**What you have to do:** Output the line that contains "Polygon((-27.1, 0), (-23.85, -3.3), (-27.1, -3.3), align=None)", then every line beneath it through the end of the records, exactly as given and with no other lines.

Records from a dataset:
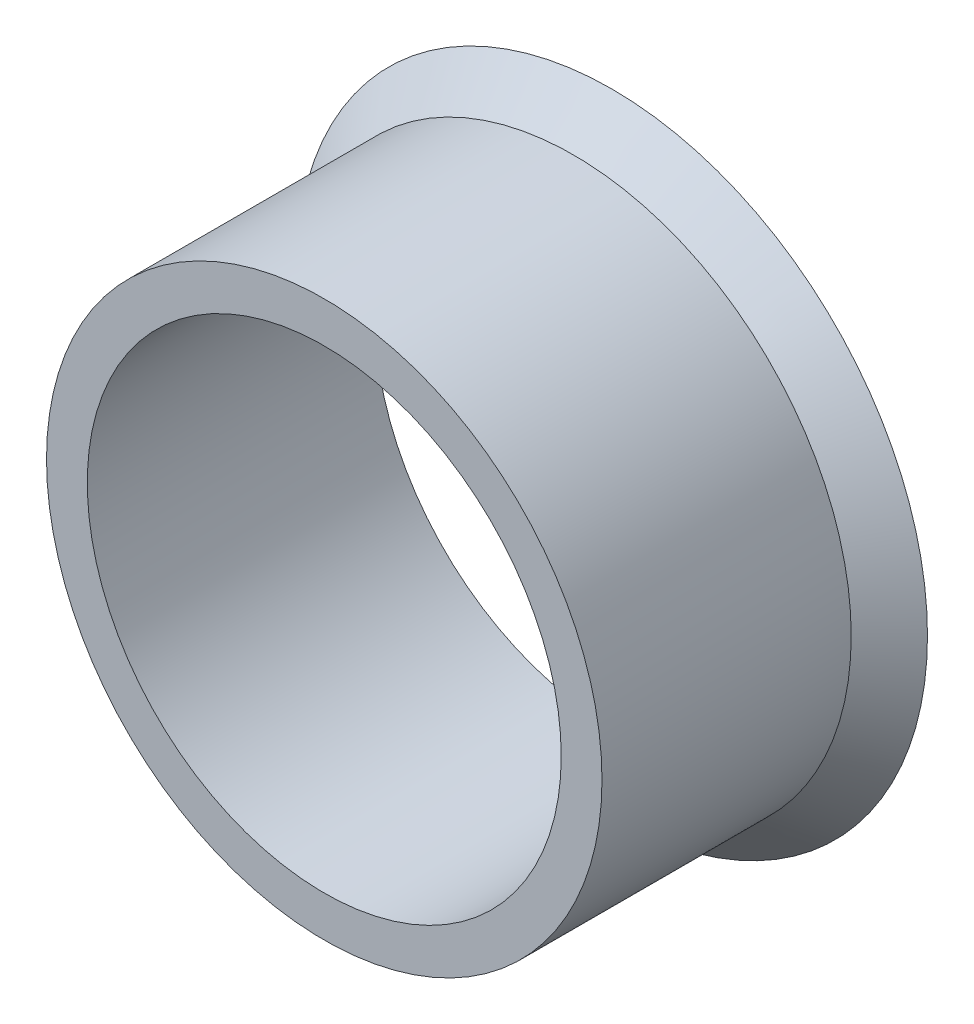
from build123d import *

# Parameters (mm, degrees)
IZIM1_R                     = 27.1
Y_KSEKLIK_EKSTR_ZYON1_DEPTH = 3.3
IZIM3_R                     = 23.85
Y_KSEKLIK_EKSTR_ZYON2_DEPTH = 21.4
IZIM6_R                     = 20.35
KES_EKSTR_ZYON1_DEPTH       = 50


with BuildPart() as part:
    # Çizim1 → Yükseklik-Ekstrüzyon1 (new body)
    with BuildSketch(Plane.XY):
        Circle(IZIM1_R)
    extrude(amount=Y_KSEKLIK_EKSTR_ZYON1_DEPTH)

    # Çizim3 → Yükseklik-Ekstrüzyon2 (add)
    with BuildSketch(Plane.XY.offset(3.3)):
        Circle(IZIM3_R)
    extrude(amount=Y_KSEKLIK_EKSTR_ZYON2_DEPTH)

    # loft up to a face of the part (loft1)
    loft([Face(Wire([part.edges().sort_by_distance((-18.551226571, -19.755049803, 0))[0]])), Face(Wire([part.edges().sort_by_distance((-16.326448476, 17.385901764, 3.3))[0]]))])

    # Çizim5 → Kes-Döndür1 (revolve, cut)
    with BuildSketch(Plane(origin=(0, 0, 0), x_dir=(1, 0, 0), z_dir=(0, 1, 0))):
        Polygon((-27.1, 0), (-23.85, -3.3), (-27.1, -3.3), align=None)
    revolve(axis=Axis((0, 0, -4.734059464), (0, 0, 1)), mode=Mode.SUBTRACT)

    # Çizim6 → Kes-Ekstrüzyon1 (cut)
    with BuildSketch(Plane.XY.offset(24.7)):
        Circle(IZIM6_R)
    extrude(amount=-KES_EKSTR_ZYON1_DEPTH, mode=Mode.SUBTRACT)


solid = part.part

**Result of the task:**
        Polygon((-27.1, 0), (-23.85, -3.3), (-27.1, -3.3), align=None)
    revolve(axis=Axis((0, 0, -4.734059464), (0, 0, 1)), mode=Mode.SUBTRACT)

    # Çizim6 → Kes-Ekstrüzyon1 (cut)
    with BuildSketch(Plane.XY.offset(24.7)):
        Circle(IZIM6_R)
    extrude(amount=-KES_EKSTR_ZYON1_DEPTH, mode=Mode.SUBTRACT)


solid = part.part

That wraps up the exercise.